Offering aggressive pricing and/or structures that put clients first in order to cement relationships wasn’t always a popular choice among peers, but it did endear the bank to the private equity community and also showed conviction and a knack for calling the market correctly, as the high-yield markets moved in favour of the bold in the second half of the year as liquidity deepened.
“Barclays were never irrational – they were aggressive, and that’s not a bad thing,” a private equity sponsor said.
Barclays’ strategic decision to make calculated risks to get access to the private equity firms caused some pushback on aggressive deals, including a dividend deal for mobile phone customer support services company Asurion that widened its OID and flexed pricing to get investors over a reluctance to backstop at aggressive levels with no covenant or economic flex.

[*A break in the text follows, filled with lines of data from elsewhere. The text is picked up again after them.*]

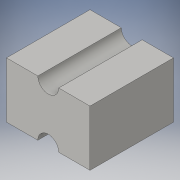
# Autodesk Inventor part: MiddleOfSquareSupport
Saved by Autodesk Inventor 2016 SP1 (Build 200210100, 210)
## iProperties
Created: 2015-12-08
Part Number: MiddleOfSquareSupport
Material: Generic
Document SubType Name: Modeling
Designer: steele
Density: 1 g/cm^3
Appearance: Default
Author: steele
Autodesk Inventor part; units mm, degrees
ref_plane "YZ Plane" through (0, 0, 0) normal (1, 0, 0) x (0, 1, 0)
ref_plane "XZ Plane" through (0, 0, 0) normal (0, 1, 0) x (-1, 0, 0)
ref_plane "XY Plane" through (0, 0, 0) normal (0, 0, 1) x (1, 0, 0)
sketch "Sketch1" plane through (0, 0, 0) normal (0, 1, 0) x (-1, 0, 0)
  line L0 (-19.05, 19.05) -> (-19.05, -19.05)
  line L1 (-19.05, -19.05) -> (19.05, -19.05)
  line L2 (19.05, -19.05) -> (19.05, 19.05)
  line L3 (19.05, 19.05) -> (-19.05, 19.05)
  line L4 (-19.05, 19.05) -> (19.05, -19.05) construction
  line L5 (-19.05, -19.05) -> (19.05, 19.05) construction
  point P0 (0, 0)
  dimension "d4" = 38.1
  constraints: 12 end point, 2 midpoint, 2 parallel, 2 perpendicular, 1 vertical
  measures "d4" distance of L0.start L0.end
extrude "Extrusion1" add sketch "Sketch1" along normal blind 25.4
sketch "Sketch3" plane through (-19.05, 0, 19.05) normal (0, 0, 1) x (1, 0, 0)
  line L0 (38.1, 25.4) -> (0, 25.4) construction
  point P0 (19.05, 0)
  point P1 (19.05, 25.4)
  point P2 (19.05, 0)
  constraints: 1 coincident, 1 midpoint
hole "Hole1" at (0, 25.4, 19.05) at (0, 0, 19.05) direction (0, 0, -1) diameter 9.525 end through all
equation "\"d4\" = width"
equation "\"d6\" = deltaBottomToTop"
equation "\"d9\" = bottomHoleDiam"
equation "\"bottomHoleDiam\" = 9.525"
equation "\"width\" = 38.1"
equation "\"deltaBottomToTop\" = 25.4"
equation "\"d0\" = width"
equation "\"d1\" = heightOfBottomHole"
equation "\"d2\" = 0"
equation "\"d3\" = bottomHoleDiam"
equation "\"d5\" = 0"
equation "\"height\" = deltaBottomToTop + heightOfBottomHole + heightOfTopHole"
equation "\"heightOfBottomHole\" = 11.1125"
equation "\"heightOfTopHole\" = 11.1125"
body "Solid1"

“Barclays was either lucky or right that the market stayed strong. Had they been that aggressive and the market had weakened, they would have taken a lot of pain,” a US investor said.
When it comes to the secondary market, Barclays is a force to be reckoned with across the world. It is putting resources behind its secondary trading desk in Europe, for example, in order to foster liquidity for the asset class.
Barclays’ secondary desk in Europe boosted its market share to 20% in 2010 from less than 5% the year before, trading cash loans totalling €12.2bn in more than 3,000 trades on 150 loans with 200 counterparties as the credit trading operation moved from 10th place to third, according to an independent survey.
If nothing else, Barclays seems to be rising among its rivals as the perfect combination of creativity and size and is now capable of competing globally.
“JP Morgan and BofA do a great job of utilising their capital, and taking that and their distribution and being the monsters of the pack. Credit Suisse and Deutsche Bank do a better job in taking a smaller situation and trying to come up with a better solution or an interactive structure and really doing something a bit more creative. Barclays does a bit of both,” a US investor said.